TASK STATEMENT>
Leaving out every image, restate all the records word for word.

******************************

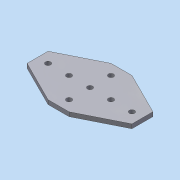
# Autodesk Inventor part: 7 Hole Cross Joining Plate
Saved by Autodesk Inventor 2013 (Build 170138000, 138)
## iProperties
Created: 2013-12-08
Part Number: 7 Hole Cross Joining Plate
Material: Aluminum 6061
Document SubType Name: Modeling
Density: 2.71 g/cm^3
Catalog Web Link: www.openbuildspartstore.com
Vendor: OpenBuilds
Mass: 46.2061 g
Surface Area: 100.005 cm^2
Volume: 17.0502 cm^3
Author: Work
Autodesk Inventor part; units mm, degrees
ref_plane "YZ Plane" through (0, 0, 0) normal (1, 0, 0) x (0, 1, 0)
ref_plane "XZ Plane" through (0, 0, 0) normal (0, 1, 0) x (-1, 0, 0)
ref_plane "XY Plane" through (0, 0, 0) normal (0, 0, 1) x (1, 0, 0)
sketch "Sketch1" plane through (0, 0, 0) normal (0, 0, 1) x (1, 0, 0)
  line L0 (-50, 10) -> (50, 10) construction
  line L1 (50, 10) -> (50, -10) construction
  line L2 (50, -10) -> (-50, -10) construction
  line L3 (-50, -10) -> (-50, 10) construction
  line L4 (-50, 10) -> (50, -10) construction
  line L5 (50, 10) -> (-50, -10) construction
  line L6 (10, -30) -> (-10, -30) construction
  line L7 (-10, -30) -> (-10, 30) construction
  line L8 (-10, 30) -> (10, 30) construction
  line L9 (10, 30) -> (10, -30) construction
  line L10 (10, -30) -> (-10, 30) construction
  line L11 (-10, -30) -> (10, 30) construction
  line L12 (-50, 10) -> (-10, 30)
  line L13 (-10, 30) -> (10, 30)
  line L14 (10, 30) -> (50, 10)
  line L15 (50, 10) -> (50, -10)
  line L16 (50, -10) -> (10, -30)
  line L17 (10, -30) -> (-10, -30)
  line L18 (-10, -30) -> (-50, -10)
  line L19 (-50, -10) -> (-50, 10)
  point P0 (0, 0)
  dimension "d0" = 20
  dimension "d2" = 100
  dimension "d3" = 20
  dimension "d4" = 60
  constraints: 40 end point, 10 equal length, 4 midpoint, 2 horizontal, 2 perpendicular
  measures "d0" distance of L0.end L1.end
  measures "d2" distance of L1.end L2.end
  measures "d3" distance of L6.start L6.end
  measures "d4" distance of L8.end L6.start
extrude "Extrusion1" add sketch "Sketch1" along normal mid plane 4
sketch "Sketch2" plane through (0, 0, 2) normal (0, 0, 1) x (1, 0, 0)
  line L0 (-50, 10) -> (-50, -10) projected
  line L1 (-10, -30) -> (10, -30) projected
  line L2 (50, -10) -> (50, 10) projected
  line L3 (10, 30) -> (-10, 30) projected
  line L4 (0, 30) -> (0, -30) construction
  line L5 (-50, 0) -> (50, 0) construction
  point P0 (0, 0)
  point P1 (0, 0)
  point P2 (20, 0)
  point P3 (40, 0)
  point P4 (0, 20)
  point P5 (0, -20)
  point P6 (-20, 0)
  point P7 (-40, 0)
  dimension "d7" = 20
  dimension "d9" = 20
  dimension "d10" = 20
  dimension "d11" = 20
  dimension "d12" = 20
  dimension "d13" = 20
  constraints: 6 point on line, 4 end point, 4 midpoint, 1 coincident
  measures "d7" distance of point (20, 0) point (0, 0)
  measures "d9" distance of point (40, 0) point (20, 0)
  measures "d10" distance of point (0, 0) point (0, -20)
  measures "d11" distance of point (-20, 0) point (0, 0)
  measures "d12" distance of point (-40, 0) point (-20, 0)
  measures "d13" distance of point (0, 20) point (0, 0)
hole "Hole1" at (0, 0, 2) at (20, 0, 2) at (40, 0, 2) at (0, 20, 2) at (0, -20, 2) at (-20, 0, 2) at (-40, 0, 2) direction (0, 0, -1) diameter 5 end through all
equation "\"d9\" = d7"
equation "\"d10\" = d7"
equation "\"d11\" = d10"
equation "\"d12\" = d11"
equation "\"d13\" = d10"
body "Solid1"

******************************

ANSWER TO THE EXERCISE>
# Autodesk Inventor part: 7 Hole Cross Joining Plate
Saved by Autodesk Inventor 2013 (Build 170138000, 138)
## iProperties
Created: 2013-12-08
Part Number: 7 Hole Cross Joining Plate
Material: Aluminum 6061
Document SubType Name: Modeling
Density: 2.71 g/cm^3
Catalog Web Link: www.openbuildspartstore.com
Vendor: OpenBuilds
Mass: 46.2061 g
Surface Area: 100.005 cm^2
Volume: 17.0502 cm^3
Author: Work
Autodesk Inventor part; units mm, degrees
ref_plane "YZ Plane" through (0, 0, 0) normal (1, 0, 0) x (0, 1, 0)
ref_plane "XZ Plane" through (0, 0, 0) normal (0, 1, 0) x (-1, 0, 0)
ref_plane "XY Plane" through (0, 0, 0) normal (0, 0, 1) x (1, 0, 0)
sketch "Sketch1" plane through (0, 0, 0) normal (0, 0, 1) x (1, 0, 0)
  line L0 (-50, 10) -> (50, 10) construction
  line L1 (50, 10) -> (50, -10) construction
  line L2 (50, -10) -> (-50, -10) construction
  line L3 (-50, -10) -> (-50, 10) construction
  line L4 (-50, 10) -> (50, -10) construction
  line L5 (50, 10) -> (-50, -10) construction
  line L6 (10, -30) -> (-10, -30) construction
  line L7 (-10, -30) -> (-10, 30) construction
  line L8 (-10, 30) -> (10, 30) construction
  line L9 (10, 30) -> (10, -30) construction
  line L10 (10, -30) -> (-10, 30) construction
  line L11 (-10, -30) -> (10, 30) construction
  line L12 (-50, 10) -> (-10, 30)
  line L13 (-10, 30) -> (10, 30)
  line L14 (10, 30) -> (50, 10)
  line L15 (50, 10) -> (50, -10)
  line L16 (50, -10) -> (10, -30)
  line L17 (10, -30) -> (-10, -30)
  line L18 (-10, -30) -> (-50, -10)
  line L19 (-50, -10) -> (-50, 10)
  point P0 (0, 0)
  dimension "d0" = 20
  dimension "d2" = 100
  dimension "d3" = 20
  dimension "d4" = 60
  constraints: 40 end point, 10 equal length, 4 midpoint, 2 horizontal, 2 perpendicular
  measures "d0" distance of L0.end L1.end
  measures "d2" distance of L1.end L2.end
  measures "d3" distance of L6.start L6.end
  measures "d4" distance of L8.end L6.start
extrude "Extrusion1" add sketch "Sketch1" along normal mid plane 4
sketch "Sketch2" plane through (0, 0, 2) normal (0, 0, 1) x (1, 0, 0)
  line L0 (-50, 10) -> (-50, -10) projected
  line L1 (-10, -30) -> (10, -30) projected
  line L2 (50, -10) -> (50, 10) projected
  line L3 (10, 30) -> (-10, 30) projected
  line L4 (0, 30) -> (0, -30) construction
  line L5 (-50, 0) -> (50, 0) construction
  point P0 (0, 0)
  point P1 (0, 0)
  point P2 (20, 0)
  point P3 (40, 0)
  point P4 (0, 20)
  point P5 (0, -20)
  point P6 (-20, 0)
  point P7 (-40, 0)
  dimension "d7" = 20
  dimension "d9" = 20
  dimension "d10" = 20
  dimension "d11" = 20
  dimension "d12" = 20
  dimension "d13" = 20
  constraints: 6 point on line, 4 end point, 4 midpoint, 1 coincident
  measures "d7" distance of point (20, 0) point (0, 0)
  measures "d9" distance of point (40, 0) point (20, 0)
  measures "d10" distance of point (0, 0) point (0, -20)
  measures "d11" distance of point (-20, 0) point (0, 0)
  measures "d12" distance of point (-40, 0) point (-20, 0)
  measures "d13" distance of point (0, 20) point (0, 0)
hole "Hole1" at (0, 0, 2) at (20, 0, 2) at (40, 0, 2) at (0, 20, 2) at (0, -20, 2) at (-20, 0, 2) at (-40, 0, 2) direction (0, 0, -1) diameter 5 end through all
equation "\"d9\" = d7"
equation "\"d10\" = d7"
equation "\"d11\" = d10"
equation "\"d12\" = d11"
equation "\"d13\" = d10"
body "Solid1"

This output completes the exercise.